** Data shown follows **

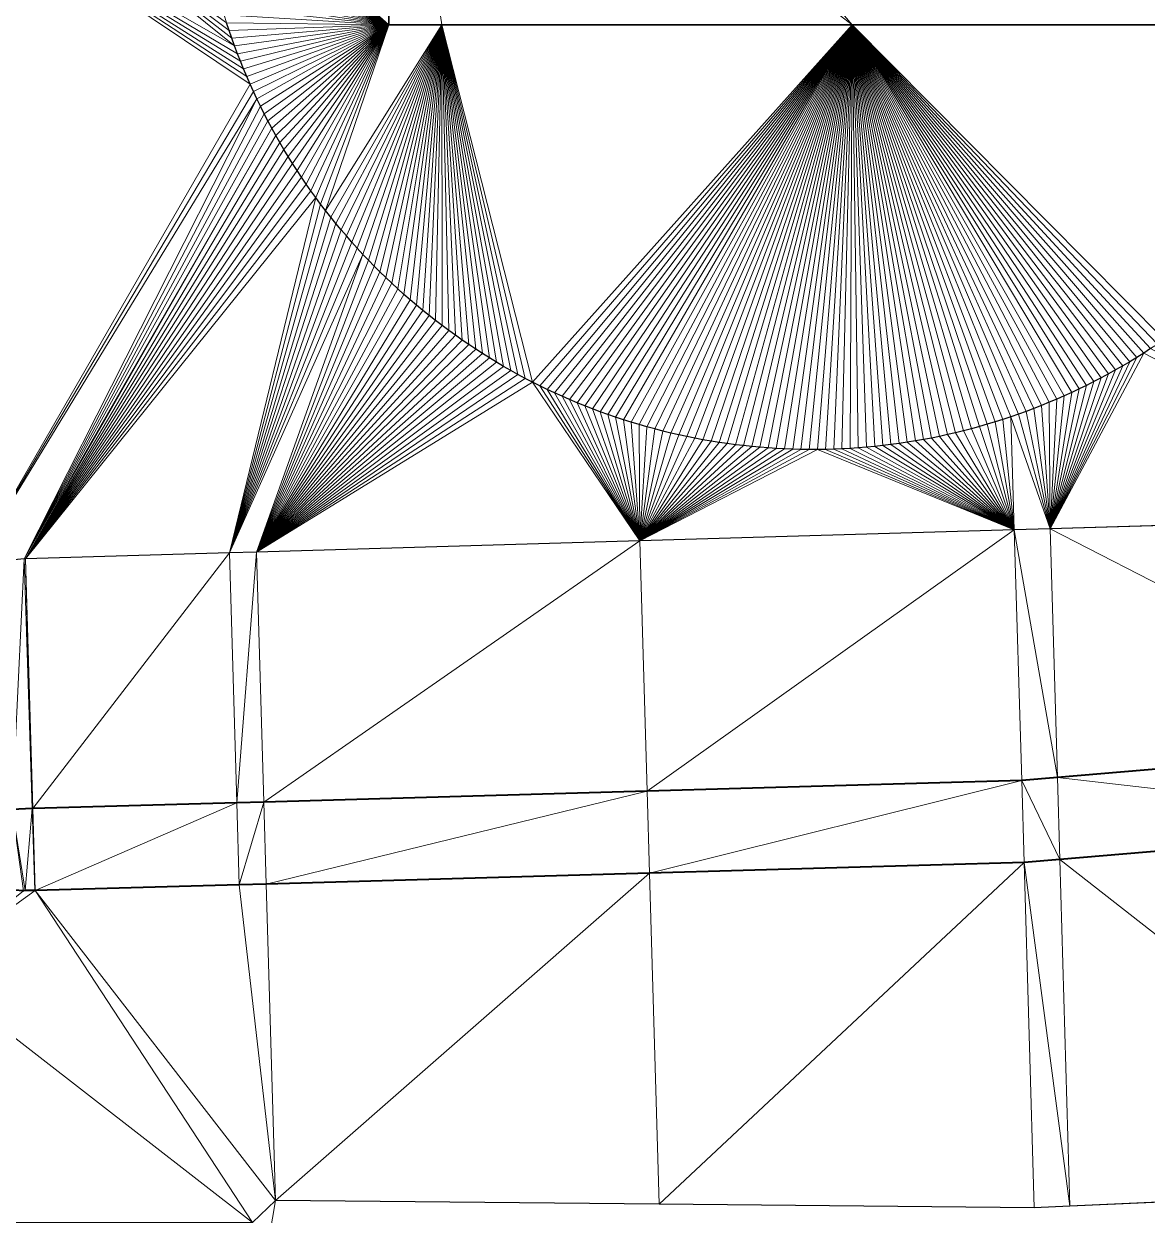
# Model space of a CAD drawing. Header units: metres. Extents: x 246428 to 246884, y 7418966 to 7419490.
# Drawn here: x 246834.55 to 246848.24, y 7419351.62 to 7419366.13 of the extents above; entities that cross this region are included whole.
import ezdxf

# ---------------------------------------------------------------- set-up
doc = ezdxf.new("R2010")
doc.units = ezdxf.units.M
doc.linetypes.add('blank name', pattern=[0])
doc.linetypes.add('HIDDEN', pattern=[9.525, 6.35, -3.175])
doc.layers.add('_12D_UNMAPPED', color=7, linetype='Continuous')
for name, color, linetype, lineweight in [('BATTER', 250, 'HIDDEN', 25), ('DRAINAGE_SWALE', 7, 'CHANNEL_DASHDOT_X4', 40), ('GRADELINES', 250, 'HIDDEN', 25), ('MISC_PATHS', 7, 'Continuous', 35)]:
    doc.layers.add(name, color=color, linetype=linetype, lineweight=lineweight)
doc.layers.add('KERB_BACK', color=7, linetype='Continuous', lineweight=35, true_color=0x5fd2ff)
doc.styles.get("Standard").update_dxf_attribs({"font": 'romans.shx', "width": 0.65})
doc.linetypes.add('CHANNEL_DASHDOT_X4', pattern='A,6,-1,1,-1,0.004,[">",Standard,S=4,R=0,X=0,Y=-1.7144],0.004,1,-1,6,-1,1,-1', length=20.008)

msp = doc.modelspace()

# ---------------------------------------------------------------- linework, layer by layer
at = {"layer": '_12D_UNMAPPED', "color": 3, "linetype": 'blank name', "lineweight": 0}
for points in [[(246849.1, 7419366.12, 36.702), (246839, 7419372.753, 36.583), (246847.267, 7419383.53, 36.571)], [(246849.1, 7419366.12, 36.702), (246847.267, 7419383.53, 36.571), (246849.1, 7419383.53, 36.585)], [(246839, 7419370.477, 36.598), (246839, 7419372.753, 36.583), (246844.643, 7419366.12, 36.669)], [(246839, 7419372.753, 36.583), (246849.1, 7419366.12, 36.702), (246844.643, 7419366.12, 36.669)], [(246839, 7419370.477, 36.598), (246839, 7419366.12, 36.628), (246836.666, 7419368.21, 36.596)], [(246839.643, 7419366.12, 36.632), (246839, 7419366.12, 36.628), (246839, 7419370.477, 36.598)], [(246839.643, 7419366.12, 36.632), (246839, 7419370.477, 36.598), (246844.643, 7419366.12, 36.669)], [(246839, 7419366.12, 36.628), (246836.669, 7419368.11, 36.597), (246836.666, 7419368.21, 36.596)], [(246839, 7419366.12, 36.628), (246836.675, 7419368.01, 36.598), (246836.669, 7419368.11, 36.597)], [(246839, 7419366.12, 36.628), (246836.681, 7419367.91, 36.598), (246836.675, 7419368.01, 36.598)], [(246837.23, 7419365.584, 36.618), (246837.268, 7419365.492, 36.619), (246833.687, 7419367.827, 36.575)], [(246837.156, 7419365.77, 36.616), (246837.192, 7419365.677, 36.617), (246833.687, 7419367.827, 36.575)], [(246837.192, 7419365.677, 36.617), (246837.23, 7419365.584, 36.618), (246833.687, 7419367.827, 36.575)], [(246837.121, 7419365.864, 36.615), (246837.156, 7419365.77, 36.616), (246833.687, 7419367.827, 36.575)], [(246837.268, 7419365.492, 36.619), (246837.308, 7419365.4, 36.62), (246833.687, 7419367.827, 36.575)], [(246837.308, 7419365.4, 36.62), (246833.936, 7419359.555, 36.634), (246833.687, 7419367.827, 36.575)], [(246834.687, 7419367.827, 36.583), (246837.121, 7419365.864, 36.615), (246833.687, 7419367.827, 36.575)], [(246837.023, 7419366.147, 36.613), (246837.054, 7419366.052, 36.614), (246834.687, 7419367.827, 36.583)], [(246837.054, 7419366.052, 36.614), (246837.087, 7419365.958, 36.615), (246834.687, 7419367.827, 36.583)], [(246837.087, 7419365.958, 36.615), (246837.121, 7419365.864, 36.615), (246834.687, 7419367.827, 36.583)], [(246836.681, 7419367.91, 36.598), (246839, 7419366.12, 36.628), (246836.689, 7419367.81, 36.599)], [(246839, 7419366.12, 36.628), (246836.698, 7419367.711, 36.6), (246836.689, 7419367.81, 36.599)], [(246839, 7419366.12, 36.628), (246836.708, 7419367.611, 36.601), (246836.698, 7419367.711, 36.6)], [(246839, 7419366.12, 36.628), (246836.72, 7419367.512, 36.601), (246836.708, 7419367.611, 36.601)], [(246839, 7419366.12, 36.628), (246836.733, 7419367.413, 36.602), (246836.72, 7419367.512, 36.601)], [(246839, 7419366.12, 36.628), (246836.748, 7419367.314, 36.603), (246836.733, 7419367.413, 36.602)], [(246839, 7419366.12, 36.628), (246836.764, 7419367.215, 36.604), (246836.748, 7419367.314, 36.603)], [(246839, 7419366.12, 36.628), (246836.781, 7419367.117, 36.605), (246836.764, 7419367.215, 36.604)], [(246839, 7419366.12, 36.628), (246836.799, 7419367.018, 36.605), (246836.781, 7419367.117, 36.605)], [(246839, 7419366.12, 36.628), (246836.819, 7419366.92, 36.606), (246836.799, 7419367.018, 36.605)], [(246839, 7419366.12, 36.628), (246836.84, 7419366.823, 36.607), (246836.819, 7419366.92, 36.606)], [(246839, 7419366.12, 36.628), (246836.862, 7419366.725, 36.608), (246836.84, 7419366.823, 36.607)], [(246839, 7419366.12, 36.628), (246836.886, 7419366.628, 36.609), (246836.862, 7419366.725, 36.608)], [(246839, 7419366.12, 36.628), (246836.911, 7419366.531, 36.609), (246836.886, 7419366.628, 36.609)], [(246839, 7419366.12, 36.628), (246836.937, 7419366.435, 36.61), (246836.911, 7419366.531, 36.609)], [(246839, 7419366.12, 36.628), (246836.964, 7419366.338, 36.611), (246836.937, 7419366.435, 36.61)], [(246839, 7419366.12, 36.628), (246836.993, 7419366.243, 36.612), (246836.964, 7419366.338, 36.611)], [(246839, 7419366.12, 36.628), (246837.023, 7419366.147, 36.613), (246836.993, 7419366.243, 36.612)], [(246839, 7419366.12, 36.628), (246837.054, 7419366.052, 36.614), (246837.023, 7419366.147, 36.613)], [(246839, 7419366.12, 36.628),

** End of Data shown **

» Work required:
Scan the lines above for the word "HIDDEN" and copy every one where it occurs.

» Result of the task:
doc.linetypes.add('HIDDEN', pattern=[9.525, 6.35, -3.175])
for name, color, linetype, lineweight in [('BATTER', 250, 'HIDDEN', 25), ('DRAINAGE_SWALE', 7, 'CHANNEL_DASHDOT_X4', 40), ('GRADELINES', 250, 'HIDDEN', 25), ('MISC_PATHS', 7, 'Continuous', 35)]:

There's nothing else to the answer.